Критики позже писали, что Горький боялся писать о советской жизни, мог не угодить вкусам Сталина. И я его понял. Писать правду опасно. Легче всего, проявить эскапизм, уйти в ностальгическое прошлое, заново его осмыслить. Но это почему-то у Горького не получилось, роман не стал событием. Всего лишь, рядовым фактом, что вот такой роман написан Максимом Горьким, к которому относились с великим почитанием всё время советской власти.

Не могу забыть тот день на излёте существования СССР, когда в книжном магазине увидел шикарно изданный том черновиков Максима Горького. Кажется, таких томов было несколько.

Ради любопытства полистал один том. Засвидетельствована обычная, рутинная писательская работа: правки, исправления, приведены факсимиле — уважительное отношение к писательской кухне.
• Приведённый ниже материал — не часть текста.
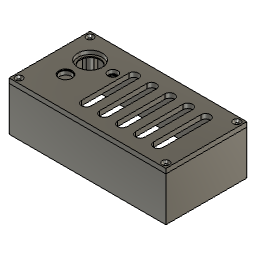
LED Panel Top (Autodesk Fusion 360 design; units mm, degrees)
Autodesk Fusion 360 part; units mm, degrees
sketch "Sketch5" plane through (0, 0, 0) normal (0, 0, 1) x (-1, 0, 0)
  line L0 (-80.25, -40.25) -> (-80.25, 40.25)
  line L1 (-80.25, 40.25) -> (80.25, 40.25)
  line L2 (80.25, 40.25) -> (80.25, -40.25)
  line L3 (80.25, -40.25) -> (-80.25, -40.25)
  line L4 (82.71, -42.71) -> (82.71, 42.71)
  line L5 (82.71, 42.71) -> (-82.71, 42.71)
  line L6 (-82.71, 42.71) -> (-82.71, -42.71)
  line L7 (-82.71, -42.71) -> (82.71, -42.71)
  line L8 (-80.25, 40.25) -> (80.25, 40.25)
  line L9 (80.25, 40.25) -> (80.25, -40.25)
  line L10 (80.25, -40.25) -> (-80.25, -40.25)
  line L11 (-80.25, -40.25) -> (-80.25, 40.25)
  line L12 (-80.25, 40.25) -> (80.25, -40.25) construction
  line L13 (80.25, 40.25) -> (-80.25, -40.25) construction
  line L14 (-82.71, 42.71) -> (82.71, 42.71)
  line L15 (82.71, 42.71) -> (82.71, -42.71)
  line L16 (82.71, -42.71) -> (-82.71, -42.71)
  line L17 (-82.71, -42.71) -> (-82.71, 42.71)
  line L18 (-82.71, 42.71) -> (82.71, -42.71) construction
  line L19 (82.71, 42.71) -> (-82.71, -42.71) construction
  line L20 (80.25, -40.25) -> (72.25, -40.25)
  line L21 (72.25, -40.25) -> (72.25, -32.25)
  line L22 (72.25, -32.25) -> (80.25, -32.25)
  line L23 (80.25, -32.25) -> (80.25, -40.25)
  line L24 (80.25, -40.25) -> (72.25, -32.25) construction
  line L25 (72.25, -40.25) -> (80.25, -32.25) construction
  circle A0 centre (77.48, -37.48) radius 2.2
  line L26 (66.5, -36) -> (58.5, -36)
  line L27 (58.5, -40.25) -> (58.5, -28)
  line L28 (58.5, -28) -> (66.5, -28)
  line L29 (66.5, -28) -> (66.5, -40.25)
  line L30 (66.5, -36) -> (58.5, -28) construction
  line L31 (58.5, -36) -> (66.5, -28) construction
  circle A1 centre (62.5, -32) radius 1.75
  line L32 (0, 0) -> (0, -11.7816) construction
  line L33 (0, 0) -> (-11.8343, 0) construction
  line L34 (-72.25, -40.25) -> (-80.25, -32.25) construction
  line L35 (-80.25, -40.25) -> (-72.25, -40.25)
  circle A2 centre (-77.48, -37.48) radius 2.2
  circle A3 centre (-62.5, -32) radius 1.75
  line L36 (-58.5, -28) -> (-66.5, -28)
  line L37 (-66.5, -36) -> (-58.5, -36)
  line L38 (-80.25, -32.25) -> (-80.25, -40.25)
  line L39 (-72.25, -40.25) -> (-72.25, -32.25)
  line L40 (-66.5, -36) -> (-58.5, -28) construction
  line L41 (-58.5, -40.25) -> (-58.5, -28)
  line L42 (-72.25, -32.25) -> (-80.25, -32.25)
  line L43 (-80.25, -40.25) -> (-72.25, -32.25) construction
  line L44 (-58.5, -36) -> (-66.5, -28) construction
  line L45 (-66.5, -23.75) -> (-66.5, -40.25)
  line L46 (72.25, 40.25) -> (80.25, 32.25) construction
  line L47 (58.5, 40.25) -> (58.5, 28)
  line L48 (66.5, 28) -> (66.5, 40.25)
  line L49 (80.25, 32.25) -> (80.25, 40.25)
  circle A4 centre (77.48, 37.48) radius 2.2
  line L50 (58.5, 28) -> (66.5, 28)
  line L51 (72.25, 40.25) -> (72.25, 32.25)
  line L52 (72.25, 32.25) -> (80.25, 32.25)
  line L53 (58.5, 36) -> (66.5, 28) construction
  line L54 (66.5, 36) -> (58.5, 36)
  line L55 (80.25, 40.25) -> (72.25, 32.25) construction
  circle A5 centre (62.5, 32) radius 1.75
  line L56 (80.25, 40.25) -> (72.25, 40.25)
  line L57 (66.5, 36) -> (58.5, 28) construction
  line L58 (-58.5, 36) -> (-66.5, 28) construction
  line L59 (-80.25, 32.25) -> (-80.25, 40.25)
  line L60 (-66.5, 23.75) -> (-66.5, 40.25)
  line L61 (-80.25, 40.25) -> (-72.25, 40.25)
  circle A6 centre (-77.48, 37.48) radius 2.2
  line L62 (-72.25, 40.25) -> (-80.25, 32.25) construction
  line L63 (-72.25, 32.25) -> (-80.25, 32.25)
  line L64 (-58.5, 28) -> (-66.5, 28)
  line L65 (-66.5, 36) -> (-58.5, 28) construction
  line L66 (-66.5, 36) -> (-58.5, 36)
  line L67 (-80.25, 40.25) -> (-72.25, 32.25) construction
  line L68 (-58.5, 40.25) -> (-58.5, 28)
  line L69 (-72.25, 40.25) -> (-72.25, 32.25)
  circle A7 centre (-62.5, 32) radius 1.75
  line L70 (82.71, -42.71) -> (72.25, -32.25) construction
  line L71 (72.25, -42.71) -> (82.71, -32.25) construction
  circle A8 centre (-50.25, 28.75) radius 2
  circle A9 centre (-50.25, -28.75) radius 2
  line L72 (-50.25, 28.75) -> (-50.25, 26.8205) construction
  line L73 (-50.25, -28.75) -> (-50.25, -5.4886) construction
  line L74 (-50.25, 28.75) -> (-50.25, -28.75) construction
  line L75 (-66.5, 23.75) -> (-45.25, 23.75)
  line L76 (-45.25, 23.75) -> (-45.25, 33.75)
  line L77 (-45.25, 33.75) -> (-55.25, 33.75)
  line L78 (-55.25, 33.75) -> (-55.25, 23.75)
  line L79 (-55.25, 23.75) -> (-45.25, 33.75) construction
  line L80 (-45.25, 23.75) -> (-55.25, 33.75) construction
  line L81 (-55.25, -33.75) -> (-45.25, -33.75)
  line L82 (-45.25, -33.75) -> (-45.25, -23.75)
  line L83 (-45.25, -23.75) -> (-66.5, -23.75)
  line L84 (-55.25, -23.75) -> (-55.25, -33.75)
  line L85 (-55.25, -33.75) -> (-45.25, -23.75) construction
  line L86 (-45.25, -33.75) -> (-55.25, -23.75) construction
  line L87 (-45.25, -33.75) -> (-45.25, -40.25)
  line L88 (-55.25, -33.75) -> (-55.25, -40.25)
  line L89 (-45.25, 33.75) -> (-45.25, 40.25)
  line L90 (-55.25, 33.75) -> (-55.25, 40.25)
  point P0 (-82.71, -42.71)
  point P1 (-80.25, -40.25)
  point P2 (-80.25, -40.25)
  point P3 (-82.71, -42.71)
  point P4 (82.71, 42.71)
  point P5 (80.25, 40.25)
  point P6 (80.25, 40.25)
  point P7 (-80.25, 40.25)
  point P8 (-80.25, 40.25)
  point P9 (-80.25, 40.25)
  point P10 (-80.25, 40.25)
  point P11 (-50.25, 28.75)
  point P12 (-50.25, -28.75)
  dimension "d75" = 160.5
  dimension "d76" = 80.5
  dimension "d77" = 165.42
  dimension "d78" = 85.42
  dimension "d79" = 8
  dimension "d80" = 8
  dimension "d81" = 4.4
  dimension "d82" = 8
  dimension "d83" = 8
  dimension "d84" = 3.5
  dimension "d85" = 8.25
  dimension "d86" = 17.75
  dimension "d124" = 4
  dimension "d125" = 4
  dimension "d126" = 57.5
  dimension "d127" = 28.75
  dimension "d128" = 30
  dimension "d129" = 10
  dimension "d130" = 10
  dimension "d131" = 10
  dimension "d132" = 10
  constraint horizontal L8
  constraint perpendicular L8 L9
  constraint parallel L8 L10
  constraint parallel L9 L11
  constraint coincident L12 L32.start
  constraint coincident L13 L32.start
  constraint coincident L32.start L33.start
  constraint horizontal L14
  constraint perpendicular L14 L15
  constraint parallel L14 L16
  constraint parallel L15 L17
  constraint coincident L18 L32.start
  constraint coincident L19 L32.start
  constraint horizontal L20
  constraint vertical L21
  constraint horizontal L22
  constraint vertical L23
  constraint coincident L2.end L3.start
  constraint horizontal L26
  constraint vertical L27
  constraint horizontal L28
  constraint vertical L29
  constraint midpoint L30 A1.centre
  constraint coincident L3 L29.end
  constraint coincident L26.start L29
  constraint coincident L3 L27.start
  constraint coincident L26.end L27
  constraint vertical L32
  constraint horizontal L33
  constraint symmetric L2.end L32 P2
  constraint symmetric L4.start L32 P3
  constraint symmetric L20.end L32 L34.start
  constraint symmetric L21.end L32 L39.end
  constraint symmetric L22.end L32 L34.end
  constraint symmetric A0 L32 A2
  constraint symmetric L26.start L32 L37.start
  constraint symmetric L26.end L32 L37.end
  constraint symmetric L27.end L32 L36.start
  constraint symmetric L28.end L32 L36.end
  constraint symmetric A1 L32 A3
  constraint symmetric L29.end L32 L45.end
  constraint symmetric L27.start L32 L41.start
  constraint symmetric P2 L33 P10
  constraint symmetric L2.end L33 P6
  constraint symmetric L4.start L33 P4
  constraint symmetric L20.end L33 L46.start
  constraint symmetric L21.end L33 L51.end
  constraint symmetric L22.end L33 L46.end
  constraint symmetric A0 L33 A4
  constraint symmetric L26.start L33 L54.start
  constraint symmetric L26.end L33 L53.start
  constraint symmetric L27.end L33 L47.end
  constraint symmetric L28.end L33 L48.start
  constraint symmetric A1 L33 A5
  constraint symmetric L29.end L33 L48.end
  constraint symmetric L27.start L33 L47.start
  constraint symmetric L33 L36.end L58.end
  constraint symmetric L33 L37.start L65.start
  constraint symmetric L33 L34.end L59.start
  constraint symmetric L33 L39.end L63.start
  constraint symmetric L33 P2 P10
  constraint symmetric L33 L34.start L61.end
  constraint symmetric L33 L41.start L68.start
  constraint symmetric L33 L45.end L60.end
  constraint symmetric L33 L37.end L58.start
  constraint symmetric L33 L36.start L64.start
  constraint symmetric L33 A2 A6
  constraint symmetric L33 A3 A7
  constraint coincident L24 A0.centre
  constraint coincident L16 L71.start
  constraint coincident L15 L71.end
  constraint perpendicular L70 L71
  constraint midpoint A0.centre L71
  constraint coincident P11 A8.centre
  constraint vertical L72
  constraint coincident P12 A9.centre
  constraint vertical L73
  constraint collinear L72 L73
  constraint horizontal L75
  constraint perpendicular L75 L76
  constraint parallel L75 L77
  constraint parallel L76 L78
  constraint coincident L79 P11
  constraint coincident L80 P11
  constraint horizontal L81
  constraint perpendicular L81 L82
  constraint parallel L81 L83
  constraint parallel L82 L84
  constraint coincident L85 P12
  constraint coincident L86 P12
  constraint coincident L10 L87.end
  constraint perpendicular L10 L87
  constraint coincident L10 L88.end
  constraint perpendicular L10 L88
  constraint coincident L1 L89.end
  constraint perpendicular L1 L89
  constraint coincident L1 L90.end
  constraint perpendicular L1 L90
  constraint coincident L78.end L75
  constraint coincident L58.end L60
  constraint coincident L84.start L83
  constraint coincident L36.end L45
  measures "d75" distance of L2.end P2
  measures "d76" distance of P6 L2.end
  measures "d77" distance of L4.start P3
  measures "d78" distance of P4 L4.start
  measures "d79" distance of L2.end L20.end
  measures "d80" distance of L2.end L22.end
  measures "d81" diameter of A0
  measures "d82" distance of L26.start L26.end
  measures "d83" distance of L26.start L28.end
  measures "d84" diameter of A1
  measures "d85" distance of L10 A1.centre
  measures "d86" distance of L9 A1.centre
  measures "d124" diameter of A8
  measures "d125" diameter of A9
  measures "d126" distance of P11 P12
  measures "d127" distance of L33 P12
  measures "d128" distance of L0 L74
  measures "d129" distance of L76.end L77.end
  measures "d130" distance of L75.end L76.end
  measures "d131" distance of L82.end L84.start
  measures "d132" distance of L81.end L82.end
extrude "Extrude4" add sketch "Sketch5" along normal blind 30 contours L0 L3 L10 L11 L35 L38 L39 L42 | L0 L1 L8 L11 L59 L61 L63 L69 | L2 L3 L9 L10 L20 L21 L22 L23 | L1 L2 L8 L9 L49 L51 L52 L56 | L4 L5 L6 L7 L14 L15 L16 L17 | A0 | A2 | A4 | A6 makes body 1
extrude "Extrude13" add sketch "Sketch5" against normal blind 16.5 contours L4 L5 L6 L7 L14 L15 L16 L17 bodies 1
chamfer "Chamfer2" distance 2.46 angle 45 4 edges at (0, -40.25, -16.5) (-80.25, 0, -16.5) (0, 40.25, -16.5) (80.25, 0, -16.5) on bodies 1
extrude "Extrude7" cut sketch "Sketch5" against normal blind 8 from surface at 30 contours A0 | A2 | A4 | A6 bodies 1
extrude "Extrude5" add sketch "Sketch5" along normal blind 5 contours L3 L10 L37 L41 L45 | L3 L10 L36 L41 L45 L83 L84 L88 | L36 L37 L41 L45 | L3 L10 L81 L87 L88 | L1 L8 L60 L66 L68 | L81 L82 L83 L84 | L1 L8 L60 L64 L68 L75 L78 L90 | L60 L64 L66 L68 | L3 L10 L26 L27 L29 | L1 L8 L77 L89 L90 | L26 L27 L28 L29 | L75 L76 L77 L78 | L1 L8 L47 L48 L54 | L47 L48 L50 L54 bodies 1
fillet "Fillet6" radius 4 8 edges at (-58.5, -28, 2.5) (-66.5, -28, 2.5) (-66.5, 28, 2.5) (-58.5, 28, 2.5) (45.25, 23.75, 2.5) (66.5, 23.75, 2.5) (45.25, -23.75, 2.5) (66.5, -23.75, 2.5) on bodies 1
fillet "Fillet8" radius 4 4 edges at (-72.25, -32.25, 15) (-72.25, 32.25, 15) (72.25, 32.25, 15) (72.25, -32.25, 15) on bodies 1
sketch "Sketch6" plane through (0, 0, 30) normal (0, 0, 1) x (-1, 0, 0)
  circle A0 centre (77.48, -37.48) radius 2.2
  circle A1 centre (-77.48, 37.48) radius 2.2
  circle A2 centre (77.48, 37.48) radius 2.2
  circle A3 centre (-77.48, -37.48) radius 2.2
  line L0 (72.25, 40.25) -> (72.25, 36.25)
  line L1 (76.25, 32.25) -> (80.25, 32.25)
  line L2 (80.25, 32.25) -> (80.25, -32.25)
  line L3 (80.25, -32.25) -> (76.25, -32.25)
  line L4 (72.25, -36.25) -> (72.25, -40.25)
  line L5 (72.25, -40.25) -> (-72.25, -40.25)
  line L6 (-72.25, -40.25) -> (-72.25, -36.25)
  line L7 (-76.25, -32.25) -> (-80.25, -32.25)
  line L8 (-80.25, -32.25) -> (-80.25, 32.25)
  line L9 (-80.25, 32.25) -> (-76.25, 32.25)
  line L10 (-72.25, 36.25) -> (-72.25, 40.25)
  line L11 (-82.71, -42.71) -> (82.71, -42.71)
  line L12 (82.71, -42.71) -> (82.71, 42.71)
  line L13 (82.71, 42.71) -> (-82.71, 42.71)
  line L14 (-82.71, 42.71) -> (-82.71, -42.71)
  line L15 (-82.71, 42.71) -> (82.71, 42.71)
  line L16 (82.71, 42.71) -> (82.71, -42.71)
  line L17 (82.71, -42.71) -> (-82.71, -42.71)
  line L18 (-82.71, -42.71) -> (-82.71, 42.71)
  line L19 (-82.71, 42.71) -> (82.71, -42.71) construction
  line L20 (82.71, 42.71) -> (-82.71, -42.71) construction
  circle A4 centre (77.48, -37.48) radius 1.75
  circle A5 centre (77.48, 37.48) radius 1.75
  circle A6 centre (-77.48, -37.48) radius 1.75
  circle A7 centre (-77.48, 37.48) radius 1.75
  circle A8 centre (32.25, -16.25) radius 5.075
  circle A9 centre (32.25, -16.25) radius 4
  arc A10 (-76.25, 32.25) -> (-72.25, 36.25) centre (-76.25, 36.25) ccw
  line L21 (-72.25, 40.25) -> (72.25, 40.25)
  arc A11 (72.25, 36.25) -> (76.25, 32.25) centre (76.25, 36.25) ccw
  arc A12 (76.25, -32.25) -> (72.25, -36.25) centre (76.25, -36.25) ccw
  arc A13 (-72.25, -36.25) -> (-76.25, -32.25) centre (-76.25, -36.25) ccw
  circle A14 centre (56.25, -16.25) radius 13
  circle A15 centre (56.25, -16.25) radius 10.5
  circle A16 centre (56.25, 9.675) radius 6.25
  circle A17 centre (56.25, 9.675) radius 7
  line L22 (-14, 25) -> (-14, -25)
  line L23 (-24, -25) -> (-24, 25)
  line L24 (-24, 0) -> (-14, 0) construction
  line L25 (-19, 0) -> (-19, 8.6843) construction
  line L26 (-5, 0) -> (5, 0) construction
  line L27 (5, 25) -> (5, -25)
  line L28 (0, 0) -> (0, 6.9936) construction
  line L29 (-5, -25) -> (-5, 25)
  line L30 (0, -2.5) -> (0, -20)
  line L31 (24, -25) -> (24, 25)
  line L32 (14, 25) -> (14, -25)
  arc A18 (-19, 30) -> (-24, 25) centre (-19, 25) ccw
  arc A19 (-14, 25) -> (-19, 30) centre (-19, 25) ccw
  arc A20 (-24, -25) -> (-19, -30) centre (-19, -25) ccw
  arc A21 (-19, -30) -> (-14, -25) centre (-19, -25) ccw
  arc A22 (0, 30) -> (-5, 25) centre (0, 25) ccw
  arc A23 (5, 25) -> (0, 30) centre (0, 25) ccw
  arc A24 (-5, -25) -> (0, -30) centre (0, -25) ccw
  arc A25 (0, -30) -> (5, -25) centre (0, -25) ccw
  arc A26 (19, 30) -> (14, 25) centre (19, 25) ccw
  arc A27 (24, 25) -> (19, 30) centre (19, 25) ccw
  arc A28 (14, -25) -> (19, -30) centre (19, -25) ccw
  arc A29 (19, -30) -> (24, -25) centre (19, -25) ccw
  line L33 (-14, 25) -> (-14, -25)
  line L34 (-24, 0) -> (-14, 0) construction
  arc A30 (-24, -25) -> (-19, -30) centre (-19, -25) ccw
  line L35 (-24, -25) -> (-24, 25)
  arc A31 (-19, 30) -> (-24, 25) centre (-19, 25) ccw
  arc A32 (-19, -30) -> (-14, -25) centre (-19, -25) ccw
  arc A33 (-14, 25) -> (-19, 30) centre (-19, 25) ccw
  line L36 (-19, 0) -> (-19, 8.6843) construction
  arc A34 (-57, 30) -> (-62, 25) centre (-57, 25) ccw
  line L37 (-43, 0) -> (-33, 0) construction
  line L38 (-57, 0) -> (-57, 8.6843) construction
  line L39 (-52, 25) -> (-52, -25)
  arc A35 (-38, 30) -> (-43, 25) centre (-38, 25) ccw
  arc A36 (-38, -30) -> (-33, -25) centre (-38, -25) ccw
  arc A37 (-33, 25) -> (-38, 30) centre (-38, 25) ccw
  arc A38 (-62, -25) -> (-57, -30) centre (-57, -25) ccw
  line L40 (-33, 25) -> (-33, -25)
  arc A39 (-57, -30) -> (-52, -25) centre (-57, -25) ccw
  line L41 (-38, 0) -> (-38, 8.6843) construction
  line L42 (-62, -25) -> (-62, 25)
  line L43 (-62, 0) -> (-52, 0) construction
  line L44 (-43, -25) -> (-43, 25)
  arc A40 (-52, 25) -> (-57, 30) centre (-57, 25) ccw
  arc A41 (-43, -25) -> (-38, -30) centre (-38, -25) ccw
  point P0 (-24, 30)
  point P1 (-14, 30)
  point P2 (-24, -30)
  point P3 (-5, -30)
  point P4 (5, 30)
  point P5 (-5, 30)
  point P6 (-24, -30)
  point P7 (-14, 30)
  point P8 (-24, 30)
  point P9 (-62, -30)
  point P10 (-52, 30)
  point P11 (-43, -30)
  point P12 (-62, 30)
  point P13 (-33, 30)
  point P14 (-43, 30)
  dimension "d102" = 165.42
  dimension "d103" = 85.42
  dimension "d104" = 3.5
  dimension "d105" = 3.5
  dimension "d106" = 3.5
  dimension "d107" = 3.5
  dimension "d110" = 10.15
  dimension "d111" = 8
  dimension "d143" = 24
  dimension "d144" = 48
  dimension "d145" = 26
  dimension "d146" = 21
  dimension "d147" = 24
  dimension "d148" = 24
  dimension "d149" = 12.5
  dimension "d150" = 14
  dimension "d151" = 24
  dimension "d152" = 49.925
  dimension "d154" = 10
  dimension "d155" = 60
  dimension "d158" = 42.71
  dimension "d160" = 10
  dimension "d161" = 60
  dimension "d162" = 14
  dimension "d163" = 5
  dimension "d164" = 5
  dimension "d165" = 5
  dimension "d166" = 5
  dimension "d167" = 5
  dimension "d168" = 5
  dimension "d169" = 5
  dimension "d170" = 5
  dimension "d171" = 5
  dimension "d172" = 10
  dimension "d173" = 60
  dimension "d174" = 5
  dimension "d175" = 5
  dimension "d176" = 10
  dimension "d177" = 60
  dimension "d178" = 5
  dimension "d179" = 5
  dimension "d180" = 10
  dimension "d181" = 60
  dimension "d182" = 5
  dimension "d183" = 5
  dimension "d184" = 19
  dimension "d185" = 19
  constraint horizontal L15
  constraint perpendicular L15 L16
  constraint parallel L15 L17
  constraint parallel L16 L18
  constraint coincident L19 L28.start
  constraint coincident L20 L28.start
  constraint coincident L28.start origin
  constraint concentric A0 A4
  constraint concentric A2 A5
  constraint concentric A3 A6
  constraint concentric A1 A7
  constraint concentric A8 A9
  constraint concentric A14 A15
  constraint concentric A16 A17
  constraint vertical L22
  constraint vertical L23
  constraint midpoint L24 L25.start
  constraint perpendicular L24 L25
  constraint vertical L27
  constraint vertical L29
  constraint midpoint L28.start L26
  constraint perpendicular L26 L28
  constraint coincident L23 L24.start
  constraint coincident P8 L23
  constraint tangent L23 A18
  constraint coincident L22 L24.end
  constraint coincident P7 L22
  constraint tangent L22 A19
  constraint equal A18 A19
  constraint coincident A18.start A19.end
  constraint coincident P6 L23
  constraint tangent L23 A20
  constraint equal A18 A20
  constraint tangent L22 A21
  constraint coincident A20.end A21.start
  constraint coincident L26.start L29
  constraint coincident P5 L29
  constraint tangent L29 A22
  constraint coincident L26.end L27
  constraint coincident P4 L27
  constraint tangent L27 A23
  constraint coincident A22.start A23.end
  constraint coincident P3 L29
  constraint tangent L29 A24
  constraint tangent L27 A25
  constraint coincident A24.end A25.start
  constraint tangent L32 A26
  constraint tangent L31 A27
  constraint coincident A26.start A27.end
  constraint tangent L32 A28
  constraint tangent L31 A29
  constraint equal A28 A29
  constraint coincident A28.end A29.start
  constraint vertical L33
  constraint vertical L35
  constraint midpoint L25.start L34
  constraint perpendicular L34 L36
  constraint coincident L24.start L35
  constraint coincident P8 L35
  constraint tangent L35 A31
  constraint coincident L24.end L33
  constraint coincident P7 L33
  constraint tangent L33 A33
  constraint equal A31 A33
  constraint coincident P6 L35
  constraint tangent A30 L35
  constraint equal A30 A31
  constraint tangent L33 A32
  constraint vertical L40
  constraint vertical L44
  constraint midpoint L41.start L37
  constraint perpendicular L37 L41
  constraint coincident L37.start L44
  constraint coincident P14 L44
  constraint tangent A35 L44
  constraint coincident L37.end L40
  constraint coincident P13 L40
  constraint tangent A37 L40
  constraint equal A35 A37
  constraint coincident A35.start A37.end
  constraint coincident P11 L44
  constraint tangent L44 A41
  constraint equal A35 A41
  constraint tangent A36 L40
  constraint coincident A36.start A41.end
  constraint vertical L39
  constraint vertical L42
  constraint midpoint L38.start L43
  constraint perpendicular L38 L43
  constraint coincident L43.start L42
  constraint coincident P12 L42
  constraint tangent A34 L42
  constraint coincident L43.end L39
  constraint coincident P10 L39
  constraint tangent L39 A40
  constraint equal A34 A40
  constraint coincident A34.start A40.end
  constraint coincident P9 L42
  constraint tangent A38 L42
  constraint equal A34 A38
  constraint tangent L39 A39
  constraint coincident A38.end A39.start
  measures "d102" distance of L11.end L11.start
  measures "d103" distance of L12.end L11.end
  measures "d104" diameter of A4
  measures "d105" diameter of A5
  measures "d106" diameter of A6
  measures "d107" diameter of A7
  measures "d110" diameter of A8
  measures "d111" diameter of A9
  measures "d143" distance of L5 A8.centre
  measures "d144" distance of L2 A8.centre
  measures "d145" diameter of A14
  measures "d146" diameter of A15
  measures "d147" distance of L5 A14.centre
  measures "d148" distance of L2 A14.centre
  measures "d149" diameter of A16
  measures "d150" diameter of A17
  measures "d151" distance of L2 A16.centre
  measures "d152" distance of L5 A16.centre
  measures "d154" distance of P8 P7
  measures "d155" distance of P8 P6
  measures "d158" distance of L15 L24
  measures "d160" distance of P4 P5
  measures "d161" distance of P3 P5
  measures "d162" distance of L22 L30
  measures "d163" radius of A18
  measures "d164" radius of A21
  measures "d165" radius of A22
  measures "d166" radius of A23
  measures "d167" radius of A24
  measures "d168" radius of A25
  measures "d169" radius of A26
  measures "d170" radius of A27
  measures "d171" radius of A28
  measures "d172" distance of P7 P8
  measures "d173" distance of P6 P8
  measures "d174" radius of A31
  measures "d175" radius of A32
  measures "d176" distance of P13 P14
  measures "d177" distance of P11 P14
  measures "d178" radius of A35
  measures "d179" radius of A36
  measures "d180" distance of P10 P12
  measures "d181" distance of P9 P12
  measures "d182" radius of A34
  measures "d183" radius of A39
  measures "d184" distance of L25.start L41.start
  measures "d185" distance of L41.start L38.start
extrude "Extrude10" add sketch "Sketch6" along normal blind 5 separate body contours A0 | A1 | A2 | A3 | L0 L1 L2 L3 L4 L5 L6 L7 L8 L9 L10 A10 L21 A11 A12 A13 | L11 L12 L13 L14 L15 L16 L17 L18 | A8 | A14 | A17 makes body 2
extrude "Extrude11" cut sketch "Sketch6" against normal blind 4 from surface at 5 contours A8 | A14 | A15 bodies 2
extrude "Extrude15" cut sketch "Sketch6" against normal blind 1 from surface at 5 contours A17 bodies 2
chamfer "Chamfer3" distance 2 angle 45 4 edges at (79.1116, -38.1128, 35) (79.1116, 36.8472, 35) (-75.8484, -38.1128, 35) (-75.8484, 36.8472, 35) on bodies 2
equation "DisplayWidth = 160.5 mm"
equation "DisplayHeight = 80.5 mm"
equation "WallThickness = 2.46 mm"
equation "ScreenCoverThickness = 0.8 mm"
equation "P1WallHeight = 15 mm"
equation "P2Height = 30 mm"
equation "d46 = P2Height"
equation "d75 = DisplayWidth"
equation "d76 = DisplayHeight"
equation "d77 = DisplayWidth + 2 * WallThickness"
equation "d78 = DisplayHeight + 2 * WallThickness"
equation "d102 = DisplayWidth + 2 * WallThickness"
equation "d103 = DisplayHeight + 2 * WallThickness"
equation "d127 = ( 57.5 / 2 ) * 1 mm"
equation "d152 = 48 mm + 1.925 mm"
equation "d158 = ( 85.42 / 2 ) * 1 mm"
named bodies: "LED Panel Middle", "LED Panel Back"

Того самого, что делает любой из нас: как говорил Маяковский, из тонны руды добывался грамм радия.  Вероятно, для дипломников литературного института это было бы полезно: блеснуть перед профессором своим знанием некоторых подробностей творчества классика, но для всех остальных граждан — это сермяжная и ненужная тягомотина.

В 1988 году телевидение показало 14 серий «Жизнь Клима Самгина». Но все серии не смог посмотреть, потому что работал посменно, а видеомагнитофоны были большой редкостью, и непомерно дорогими — 1200 рублей, при этом себестоимость была намного выше. Производство дотировалось государством. За ними стояла огромная очередь, люди со всех концов страны приезжали в Воронеж записываться, и ждали, чуть ли не год. И это при полном отсутствии видеокассет в магазинах. Кто-то покупал в комиссионках, или за валюту.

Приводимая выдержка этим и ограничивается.